我们已经启动了MD安德森癌症中心和密歇根大学之间的合作努力， 德克萨斯州达拉斯的一家研究机构，该机构使用从疼痛表型患者身上取出的背根神经节（DRG 在神经外科手术中。在脊柱稳定期间，从胸椎水平采集DRG 手术，然后切成三分之一。三分之一保存用于免疫组织化学（IHC）或原位 杂交（ISH），三分之一用于培养和电生理学，三分之一用于 RNA测序。我们已经开发了一个广泛的患者疼痛表型数据集 信息，DRG神经元电生理表征和RNA测序。在许多 在病例中，我们有来自同一患者的成对DRG，其中一个患者疼痛 而不是在另一个，允许精确的病例对照分析。我们的电生理 结果清楚地表明，慢性疼痛与自发活动（SA）有关， 背根神经节伤害感受器。这是第一次证明这一点。我们的RNA测序 结果确定了与DRG中慢性疼痛和SA相关的转录变化， 显示出两性异形的迹象在男性中，我们发现了免疫渗透的明显迹象， 神经免疫相互作用以及一些成员的表达增加， FOS/JUN转录因子家族。

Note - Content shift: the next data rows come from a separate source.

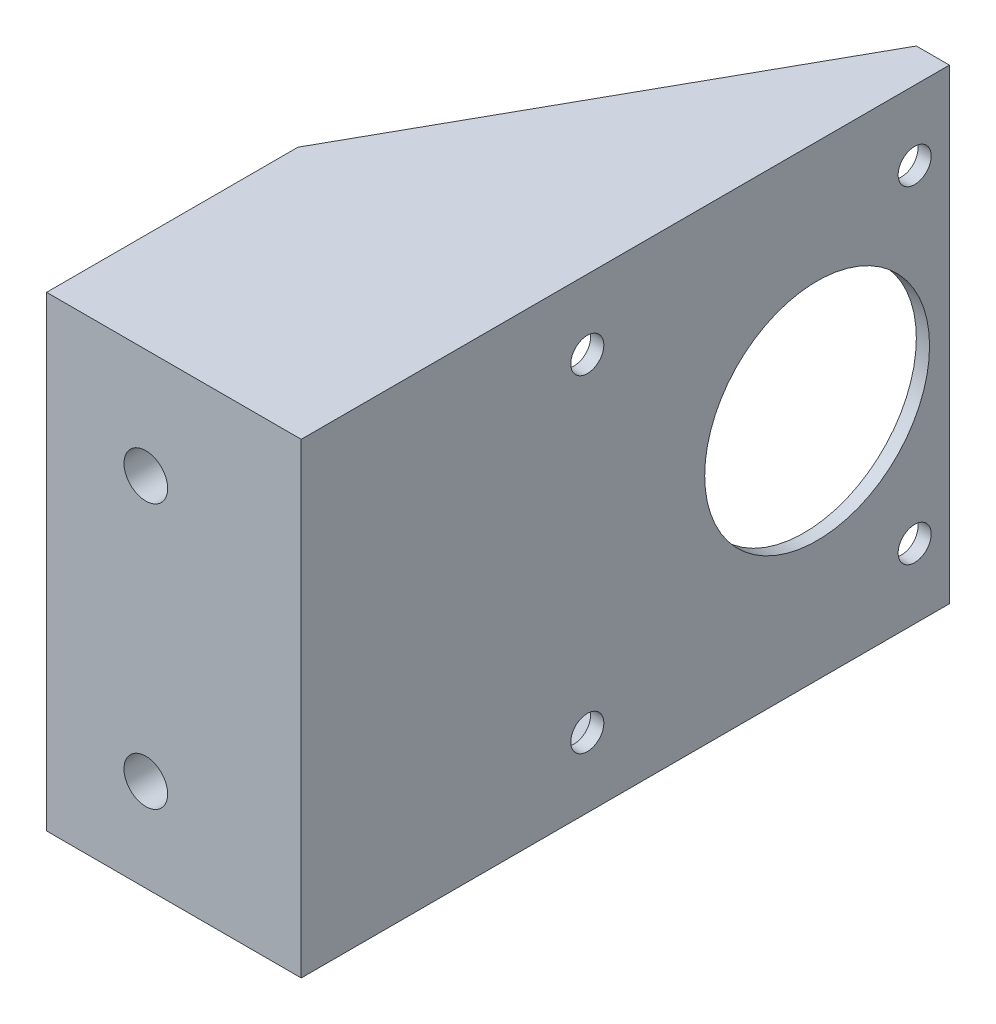
ISO-10303-21;
HEADER;
FILE_DESCRIPTION(('STEP AP214'),'2;1');
FILE_NAME('part.step','',(''),(''),'','','');
FILE_SCHEMA(('AUTOMOTIVE_DESIGN { 1 0 10303 214 1 1 1 1 }'));
ENDSEC;
DATA;
#1=APPLICATION_CONTEXT('core data for automotive mechanical design processes');
#2=APPLICATION_PROTOCOL_DEFINITION('international standard','automotive_design',2000,#1);
#3=PRODUCT_CONTEXT('',#1,'mechanical');
#4=PRODUCT('Part','Part','',(#3));
#5=PRODUCT_RELATED_PRODUCT_CATEGORY('part','',(#4));
#6=PRODUCT_DEFINITION_FORMATION('','',#4);
#7=PRODUCT_DEFINITION_CONTEXT('part definition',#1,'design');
#8=PRODUCT_DEFINITION('design','',#6,#7);
#9=PRODUCT_DEFINITION_SHAPE('','',#8);
#10=(LENGTH_UNIT() NAMED_UNIT(*) SI_UNIT(.MILLI.,.METRE.));
#11=(NAMED_UNIT(*) PLANE_ANGLE_UNIT() SI_UNIT($,.RADIAN.));
#12=(NAMED_UNIT(*) SI_UNIT($,.STERADIAN.) SOLID_ANGLE_UNIT());
#13=UNCERTAINTY_MEASURE_WITH_UNIT(LENGTH_MEASURE(1.E-05),#10,'distance_accuracy_value','');
#14=(GEOMETRIC_REPRESENTATION_CONTEXT(3) GLOBAL_UNCERTAINTY_ASSIGNED_CONTEXT((#13)) GLOBAL_UNIT_ASSIGNED_CONTEXT((#10,
#11,#12)) REPRESENTATION_CONTEXT('',''));
#15=CARTESIAN_POINT('',(0.,0.,0.));
#16=DIRECTION('',(0.,0.,1.));
#17=DIRECTION('',(1.,0.,0.));
#18=AXIS2_PLACEMENT_3D('',#15,#16,#17);
#19=CARTESIAN_POINT('',(145.991839145614,30.2680497080806,464.500831462039));
#20=DIRECTION('',(0.,0.,-1.));
#21=DIRECTION('',(1.,0.,0.));
#22=AXIS2_PLACEMENT_3D('',#19,#20,#21);
#23=PLANE('',#22);
#24=CARTESIAN_POINT('',(160.99183914562,-21.2680497080842,464.500831462039));
#25=DIRECTION('',(0.,0.,-1.));
#26=DIRECTION('',(0.,1.,0.));
#27=AXIS2_PLACEMENT_3D('',#24,#25,#26);
#28=CIRCLE('',#27,6.3);
#29=CARTESIAN_POINT('',(160.99183914562,-14.9680497080842,464.500831462039));
#30=VERTEX_POINT('',#29);
#31=EDGE_CURVE('E233',#30,#30,#28,.T.);
#32=ORIENTED_EDGE('',*,*,#31,.F.);
#33=EDGE_LOOP('',(#32));
#34=FACE_BOUND('',#33,.T.);
#35=CARTESIAN_POINT('',(160.99183914562,18.7319502919158,464.500831462039));
#36=DIRECTION('',(0.,0.,-1.));
#37=DIRECTION('',(0.,1.,0.));
#38=AXIS2_PLACEMENT_3D('',#35,#36,#37);
#39=CIRCLE('',#38,6.3);
#40=CARTESIAN_POINT('',(160.99183914562,25.0319502919158,464.500831462039));
#41=VERTEX_POINT('',#40);
#42=EDGE_CURVE('E236',#41,#41,#39,.T.);
#43=ORIENTED_EDGE('',*,*,#42,.F.);
#44=EDGE_LOOP('',(#43));
#45=FACE_BOUND('',#44,.T.);
#46=DIRECTION('',(-1.,0.,0.));
#47=VECTOR('',#46,1.);
#48=CARTESIAN_POINT('',(145.991839145619,31.2680497080806,464.500831462039));
#49=LINE('',#48,#47);
#50=CARTESIAN_POINT('',(182.491839145616,31.2680497080809,464.50083146204));
#51=VERTEX_POINT('',#50);
#52=CARTESIAN_POINT('',(145.991839145619,31.2680497080806,464.50083146204));
#53=VERTEX_POINT('',#52);
#54=EDGE_CURVE('E125',#51,#53,#49,.T.);
#55=ORIENTED_EDGE('',*,*,#54,.F.);
#56=DIRECTION('',(0.,-1.,0.));
#57=VECTOR('',#56,1.);
#58=CARTESIAN_POINT('',(182.491839145616,-1.93503361991714E-13,464.500831462039));
#59=LINE('',#58,#57);
#60=CARTESIAN_POINT('',(182.491839145617,-31.2680497080795,464.500831462039));
#61=VERTEX_POINT('',#60);
#62=EDGE_CURVE('E114',#51,#61,#59,.T.);
#63=ORIENTED_EDGE('',*,*,#62,.T.);
#64=DIRECTION('',(1.,0.,0.));
#65=VECTOR('',#64,1.);
#66=CARTESIAN_POINT('',(145.99183914562,-31.2680497080798,464.50083146204));
#67=LINE('',#66,#65);
#68=CARTESIAN_POINT('',(145.991839145619,-31.2680497080797,464.500831462039));
#69=VERTEX_POINT('',#68);
#70=EDGE_CURVE('E67',#69,#61,#67,.T.);
#71=ORIENTED_EDGE('',*,*,#70,.F.);
#72=DIRECTION('',(0.,1.,0.));
#73=VECTOR('',#72,1.);
#74=CARTESIAN_POINT('',(145.991839145619,-35.26804970808,464.500831462039));
#75=LINE('',#74,#73);
#76=EDGE_CURVE('E51',#69,#53,#75,.T.);
#77=ORIENTED_EDGE('',*,*,#76,.T.);
#78=EDGE_LOOP('',(#55,#63,#71,#77));
#79=FACE_BOUND('',#78,.T.);
#80=ADVANCED_FACE('F43',(#34,#45,#79),#23,.T.);
#81=CARTESIAN_POINT('',(179.991839145614,31.2680497080809,404.500831462039));
#82=DIRECTION('',(0.,1.,0.));
#83=DIRECTION('',(0.,0.,-1.));
#84=AXIS2_PLACEMENT_3D('',#81,#82,#83);
#85=PLANE('',#84);
#86=DIRECTION('',(0.,0.,1.));
#87=VECTOR('',#86,1.);
#88=CARTESIAN_POINT('',(182.491839145619,31.2680497080816,8.65120238914589E-13));
#89=LINE('',#88,#87);
#90=CARTESIAN_POINT('',(182.491839145617,31.2680497080809,404.500831462039));
#91=VERTEX_POINT('',#90);
#92=EDGE_CURVE('E118',#91,#51,#89,.T.);
#93=ORIENTED_EDGE('',*,*,#92,.T.);
#94=ORIENTED_EDGE('',*,*,#54,.T.);
#95=DIRECTION('',(0.487495172515776,0.,-0.87312568211788));
#96=VECTOR('',#95,1.);
#97=CARTESIAN_POINT('',(179.491839145616,31.2680497080809,404.50083146204));
#98=LINE('',#97,#96);
#99=CARTESIAN_POINT('',(179.491839145616,31.2680497080809,404.50083146204));
#100=VERTEX_POINT('',#99);
#101=EDGE_CURVE('E131',#53,#100,#98,.T.);
#102=ORIENTED_EDGE('',*,*,#101,.T.);
#103=DIRECTION('',(1.,0.,0.));
#104=VECTOR('',#103,1.);
#105=CARTESIAN_POINT('',(184.491839145616,31.2680497080809,404.50083146204));
#106=LINE('',#105,#104);
#107=EDGE_CURVE('E127',#100,#91,#106,.T.);
#108=ORIENTED_EDGE('',*,*,#107,.T.);
#109=EDGE_LOOP('',(#93,#94,#102,#108));
#110=FACE_BOUND('',#109,.T.);
#111=ADVANCED_FACE('F124',(#110),#85,.F.);
#112=CARTESIAN_POINT('',(145.991839145617,-31.2680497080798,464.500831462039));
#113=DIRECTION('',(0.,1.,0.));
#114=DIRECTION('',(-1.,0.,0.));
#115=AXIS2_PLACEMENT_3D('',#112,#113,#114);
#116=PLANE('',#115);
#117=ORIENTED_EDGE('',*,*,#70,.T.);
#118=DIRECTION('',(0.,0.,-1.));
#119=VECTOR('',#118,1.);
#120=CARTESIAN_POINT('',(182.491839145619,-31.2680497080788,7.70657985721372E-13));
#121=LINE('',#120,#119);
#122=CARTESIAN_POINT('',(182.491839145617,-31.2680497080795,404.50083146204));
#123=VERTEX_POINT('',#122);
#124=EDGE_CURVE('E119',#61,#123,#121,.T.);
#125=ORIENTED_EDGE('',*,*,#124,.T.);
#126=DIRECTION('',(-1.,0.,0.));
#127=VECTOR('',#126,1.);
#128=CARTESIAN_POINT('',(145.99183914562,-31.2680497080797,404.50083146204));
#129=LINE('',#128,#127);
#130=CARTESIAN_POINT('',(179.491839145617,-31.2680497080795,404.50083146204));
#131=VERTEX_POINT('',#130);
#132=EDGE_CURVE('E191',#123,#131,#129,.T.);
#133=ORIENTED_EDGE('',*,*,#132,.T.);
#134=DIRECTION('',(-0.487495172515776,0.,0.87312568211788));
#135=VECTOR('',#134,1.);
#136=CARTESIAN_POINT('',(180.196269372935,-31.2680497080795,403.239165383261));
#137=LINE('',#136,#135);
#138=EDGE_CURVE('E196',#131,#69,#137,.T.);
#139=ORIENTED_EDGE('',*,*,#138,.T.);
#140=EDGE_LOOP('',(#117,#125,#133,#139));
#141=FACE_BOUND('',#140,.T.);
#142=ADVANCED_FACE('F202',(#141),#116,.T.);
#143=CARTESIAN_POINT('',(145.99183914562,-35.2680497080799,384.141691839679));
#144=DIRECTION('',(1.,0.,0.));
#145=DIRECTION('',(0.,0.,-1.));
#146=AXIS2_PLACEMENT_3D('',#143,#144,#145);
#147=PLANE('',#146);
#148=CARTESIAN_POINT('',(145.991839145619,-35.2680497080791,464.500831462039));
#149=VERTEX_POINT('',#148);
#150=EDGE_CURVE('E12',#149,#69,#75,.T.);
#151=ORIENTED_EDGE('',*,*,#150,.F.);
#152=DIRECTION('',(0.,0.,1.));
#153=VECTOR('',#152,1.);
#154=CARTESIAN_POINT('',(145.99183914562,-35.2680497080799,384.141691839679));
#155=LINE('',#154,#153);
#156=CARTESIAN_POINT('',(145.991839145619,-35.2680497080787,502.500831462038));
#157=VERTEX_POINT('',#156);
#158=EDGE_CURVE('E46',#149,#157,#155,.T.);
#159=ORIENTED_EDGE('',*,*,#158,.T.);
#160=DIRECTION('',(0.,1.,0.));
#161=VECTOR('',#160,1.);
#162=CARTESIAN_POINT('',(145.991839145619,-35.2680497080787,502.500831462038));
#163=LINE('',#162,#161);
#164=CARTESIAN_POINT('',(145.991839145619,35.2680497080805,502.500831462037));
#165=VERTEX_POINT('',#164);
#166=EDGE_CURVE('E163',#157,#165,#163,.T.);
#167=ORIENTED_EDGE('',*,*,#166,.T.);
#168=DIRECTION('',(0.,0.,1.));
#169=VECTOR('',#168,1.);
#170=CARTESIAN_POINT('',(145.99183914562,35.2680497080794,384.141691839678));
#171=LINE('',#170,#169);
#172=CARTESIAN_POINT('',(145.991839145619,35.2680497080802,464.500831462039));
#173=VERTEX_POINT('',#172);
#174=EDGE_CURVE('E162',#173,#165,#171,.T.);
#175=ORIENTED_EDGE('',*,*,#174,.F.);
#176=DIRECTION('',(0.,1.,0.));
#177=VECTOR('',#176,1.);
#178=CARTESIAN_POINT('',(145.991839145619,-41.0218513999984,464.50083146204));
#179=LINE('',#178,#177);
#180=EDGE_CURVE('E134',#53,#173,#179,.T.);
#181=ORIENTED_EDGE('',*,*,#180,.F.);
#182=ORIENTED_EDGE('',*,*,#76,.F.);
#183=EDGE_LOOP('',(#151,#159,#167,#175,#181,#182));
#184=FACE_BOUND('',#183,.T.);
#185=ADVANCED_FACE('F185',(#184),#147,.F.);
#186=CARTESIAN_POINT('',(145.99183914562,35.2680497080794,384.141691839678));
#187=DIRECTION('',(0.,-1.,0.));
#188=DIRECTION('',(0.,0.,-1.));
#189=AXIS2_PLACEMENT_3D('',#186,#187,#188);
#190=PLANE('',#189);
#191=DIRECTION('',(0.,0.,1.));
#192=VECTOR('',#191,1.);
#193=CARTESIAN_POINT('',(184.491839145617,35.2680497080794,384.141691839678));
#194=LINE('',#193,#192);
#195=CARTESIAN_POINT('',(184.491839145616,35.2680497080796,404.50083146204));
#196=VERTEX_POINT('',#195);
#197=CARTESIAN_POINT('',(184.491839145616,35.2680497080805,502.500831462037));
#198=VERTEX_POINT('',#197);
#199=EDGE_CURVE('E158',#196,#198,#194,.T.);
#200=ORIENTED_EDGE('',*,*,#199,.F.);
#201=DIRECTION('',(-1.,0.,0.));
#202=VECTOR('',#201,1.);
#203=CARTESIAN_POINT('',(184.491839145616,35.2680497080796,404.50083146204));
#204=LINE('',#203,#202);
#205=CARTESIAN_POINT('',(179.491839145616,35.2680497080796,404.50083146204));
#206=VERTEX_POINT('',#205);
#207=EDGE_CURVE('E138',#196,#206,#204,.T.);
#208=ORIENTED_EDGE('',*,*,#207,.T.);
#209=DIRECTION('',(-0.487495172515776,0.,0.87312568211788));
#210=VECTOR('',#209,1.);
#211=CARTESIAN_POINT('',(179.491839145616,35.2680497080796,404.50083146204));
#212=LINE('',#211,#210);
#213=EDGE_CURVE('E141',#206,#173,#212,.T.);
#214=ORIENTED_EDGE('',*,*,#213,.T.);
#215=ORIENTED_EDGE('',*,*,#174,.T.);
#216=DIRECTION('',(1.,0.,0.));
#217=VECTOR('',#216,1.);
#218=CARTESIAN_POINT('',(145.991839145619,35.2680497080805,502.500831462037));
#219=LINE('',#218,#217);
#220=EDGE_CURVE('E159',#165,#198,#219,.T.);
#221=ORIENTED_EDGE('',*,*,#220,.T.);
#222=EDGE_LOOP('',(#200,#208,#214,#215,#221));
#223=FACE_BOUND('',#222,.T.);
#224=ADVANCED_FACE('F284',(#223),#190,.F.);
#225=CARTESIAN_POINT('',(184.491839145617,-35.2680497080799,384.141691839679));
#226=DIRECTION('',(-1.,0.,0.));
#227=DIRECTION('',(0.,0.,1.));
#228=AXIS2_PLACEMENT_3D('',#225,#226,#227);
#229=PLANE('',#228);
#230=DIRECTION('',(0.,0.,1.));
#231=VECTOR('',#230,1.);
#232=CARTESIAN_POINT('',(184.491839145617,-35.2680497080799,384.141691839679));
#233=LINE('',#232,#231);
#234=CARTESIAN_POINT('',(184.491839145616,-35.2680497080797,404.50083146204));
#235=VERTEX_POINT('',#234);
#236=CARTESIAN_POINT('',(184.491839145616,-35.2680497080787,502.500831462038));
#237=VERTEX_POINT('',#236);
#238=EDGE_CURVE('E154',#235,#237,#233,.T.);
#239=ORIENTED_EDGE('',*,*,#238,.F.);
#240=DIRECTION('',(0.,1.,0.));
#241=VECTOR('',#240,1.);
#242=CARTESIAN_POINT('',(184.491839145616,-41.021851399999,404.50083146204));
#243=LINE('',#242,#241);
#244=EDGE_CURVE('E144',#235,#196,#243,.T.);
#245=ORIENTED_EDGE('',*,*,#244,.T.);
#246=ORIENTED_EDGE('',*,*,#199,.T.);
#247=DIRECTION('',(0.,-1.,0.));
#248=VECTOR('',#247,1.);
#249=CARTESIAN_POINT('',(184.491839145616,-35.2680497080787,502.500831462038));
#250=LINE('',#249,#248);
#251=EDGE_CURVE('E155',#198,#237,#250,.T.);
#252=ORIENTED_EDGE('',*,*,#251,.T.);
#253=EDGE_LOOP('',(#239,#245,#246,#252));
#254=FACE_BOUND('',#253,.T.);
#255=CARTESIAN_POINT('',(184.491839145617,1.70349091108642E-13,424.50083146204));
#256=DIRECTION('',(1.,0.,0.));
#257=DIRECTION('',(0.,0.,-1.));
#258=AXIS2_PLACEMENT_3D('',#255,#256,#257);
#259=CIRCLE('',#258,17.);
#260=CARTESIAN_POINT('',(184.491839145617,1.70349091108642E-13,407.50083146204));
#261=VERTEX_POINT('',#260);
#262=EDGE_CURVE('E250',#261,#261,#259,.T.);
#263=ORIENTED_EDGE('',*,*,#262,.F.);
#264=EDGE_LOOP('',(#263));
#265=FACE_BOUND('',#264,.T.);
#266=CARTESIAN_POINT('',(184.491839145616,-24.7499999999999,459.25083146204));
#267=DIRECTION('',(1.,0.,0.));
#268=DIRECTION('',(0.,0.,-1.));
#269=AXIS2_PLACEMENT_3D('',#266,#267,#268);
#270=CIRCLE('',#269,2.5);
#271=CARTESIAN_POINT('',(184.491839145616,-24.7499999999999,456.75083146204));
#272=VERTEX_POINT('',#271);
#273=EDGE_CURVE('E270',#272,#272,#270,.T.);
#274=ORIENTED_EDGE('',*,*,#273,.F.);
#275=EDGE_LOOP('',(#274));
#276=FACE_BOUND('',#275,.T.);
#277=CARTESIAN_POINT('',(184.491839145616,24.7500000000001,459.25083146204));
#278=DIRECTION('',(1.,0.,0.));
#279=DIRECTION('',(0.,0.,-1.));
#280=AXIS2_PLACEMENT_3D('',#277,#278,#279);
#281=CIRCLE('',#280,2.5);
#282=CARTESIAN_POINT('',(184.491839145616,24.7500000000001,456.75083146204));
#283=VERTEX_POINT('',#282);
#284=EDGE_CURVE('E273',#283,#283,#281,.T.);
#285=ORIENTED_EDGE('',*,*,#284,.F.);
#286=EDGE_LOOP('',(#285));
#287=FACE_BOUND('',#286,.T.);
#288=CARTESIAN_POINT('',(184.491839145617,24.7500000000002,409.75083146204));
#289=DIRECTION('',(1.,0.,0.));
#290=DIRECTION('',(0.,0.,-1.));
#291=AXIS2_PLACEMENT_3D('',#288,#289,#290);
#292=CIRCLE('',#291,2.5);
#293=CARTESIAN_POINT('',(184.491839145617,24.7500000000002,407.25083146204));
#294=VERTEX_POINT('',#293);
#295=EDGE_CURVE('E276',#294,#294,#292,.T.);
#296=ORIENTED_EDGE('',*,*,#295,.F.);
#297=EDGE_LOOP('',(#296));
#298=FACE_BOUND('',#297,.T.);
#299=CARTESIAN_POINT('',(184.491839145617,-24.7499999999998,409.75083146204));
#300=DIRECTION('',(1.,0.,0.));
#301=DIRECTION('',(0.,0.,-1.));
#302=AXIS2_PLACEMENT_3D('',#299,#300,#301);
#303=CIRCLE('',#302,2.5);
#304=CARTESIAN_POINT('',(184.491839145617,-24.7499999999998,407.25083146204));
#305=VERTEX_POINT('',#304);
#306=EDGE_CURVE('E128',#305,#305,#303,.T.);
#307=ORIENTED_EDGE('',*,*,#306,.F.);
#308=EDGE_LOOP('',(#307));
#309=FACE_BOUND('',#308,.T.);
#310=ADVANCED_FACE('F178',(#254,#265,#276,#287,#298,#309),#229,.F.);
#311=CARTESIAN_POINT('',(145.99183914562,-35.2680497080799,384.141691839679));
#312=DIRECTION('',(0.,1.,0.));
#313=DIRECTION('',(0.,0.,1.));
#314=AXIS2_PLACEMENT_3D('',#311,#312,#313);
#315=PLANE('',#314);
#316=ORIENTED_EDGE('',*,*,#158,.F.);
#317=DIRECTION('',(-0.487495172515776,0.,0.87312568211788));
#318=VECTOR('',#317,1.);
#319=CARTESIAN_POINT('',(180.196269372934,-35.2680497080797,403.239165383261));
#320=LINE('',#319,#318);
#321=CARTESIAN_POINT('',(179.491839145617,-35.2680497080797,404.50083146204));
#322=VERTEX_POINT('',#321);
#323=EDGE_CURVE('E187',#322,#149,#320,.T.);
#324=ORIENTED_EDGE('',*,*,#323,.F.);
#325=DIRECTION('',(-1.,0.,0.));
#326=VECTOR('',#325,1.);
#327=CARTESIAN_POINT('',(145.99183914562,-35.2680497080797,404.50083146204));
#328=LINE('',#327,#326);
#329=EDGE_CURVE('E175',#235,#322,#328,.T.);
#330=ORIENTED_EDGE('',*,*,#329,.F.);
#331=ORIENTED_EDGE('',*,*,#238,.T.);
#332=DIRECTION('',(-1.,0.,0.));
#333=VECTOR('',#332,1.);
#334=CARTESIAN_POINT('',(145.991839145619,-35.2680497080787,502.500831462038));
#335=LINE('',#334,#333);
#336=EDGE_CURVE('E151',#237,#157,#335,.T.);
#337=ORIENTED_EDGE('',*,*,#336,.T.);
#338=EDGE_LOOP('',(#316,#324,#330,#331,#337));
#339=FACE_BOUND('',#338,.T.);
#340=ADVANCED_FACE('F170',(#339),#315,.F.);
#341=CARTESIAN_POINT('',(-1.44905972203242E-12,4.74555296592965E-12,502.500831462037));
#342=DIRECTION('',(0.,0.,-1.));
#343=DIRECTION('',(0.,1.,0.));
#344=AXIS2_PLACEMENT_3D('',#341,#342,#343);
#345=PLANE('',#344);
#346=CARTESIAN_POINT('',(160.99183914562,-21.2680497080843,502.500831462038));
#347=DIRECTION('',(0.,0.,-1.));
#348=DIRECTION('',(0.,1.,0.));
#349=AXIS2_PLACEMENT_3D('',#346,#347,#348);
#350=CIRCLE('',#349,3.29999999999997);
#351=CARTESIAN_POINT('',(160.99183914562,-17.9680497080843,502.500831462038));
#352=VERTEX_POINT('',#351);
#353=EDGE_CURVE('E239',#352,#352,#350,.T.);
#354=ORIENTED_EDGE('',*,*,#353,.T.);
#355=EDGE_LOOP('',(#354));
#356=FACE_BOUND('',#355,.T.);
#357=CARTESIAN_POINT('',(160.99183914562,18.7319502919157,502.500831462038));
#358=DIRECTION('',(0.,0.,-1.));
#359=DIRECTION('',(0.,1.,0.));
#360=AXIS2_PLACEMENT_3D('',#357,#358,#359);
#361=CIRCLE('',#360,3.29999999999997);
#362=CARTESIAN_POINT('',(160.99183914562,22.0319502919157,502.500831462038));
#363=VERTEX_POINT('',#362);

在女性中，我们看到一些G蛋白的上调 偶联受体（GPCR）和神经元兴奋性内在变化的其他迹象。这些 研究结果为DRG中慢性疼痛的驱动因素提供了独特的见解， 对慢性疼痛治疗发展具有重要意义的患者，包括 可能需要性别特异性治疗。我们的总体假设是，人DRG中的SA 神经元是患者疼痛产生的关键因素， 男性和女性患者的不同机制。我们将使用人类来测试这一假设。 DRG样品以及电生理学（目标1）和RNA-seq（目标2）的组合。目标3 IHC和ISH沿着以初步发现和数据为指导的药物干预 在这个项目中产生的将被用来定义新的潜在的治疗途径。总的来说， 该项目的实验将为慢性病的机制提供新的基础见解 疼痛将使治疗方法和生物标志物的发现成为可能，并有机会实现几乎 对临床护理的直接影响。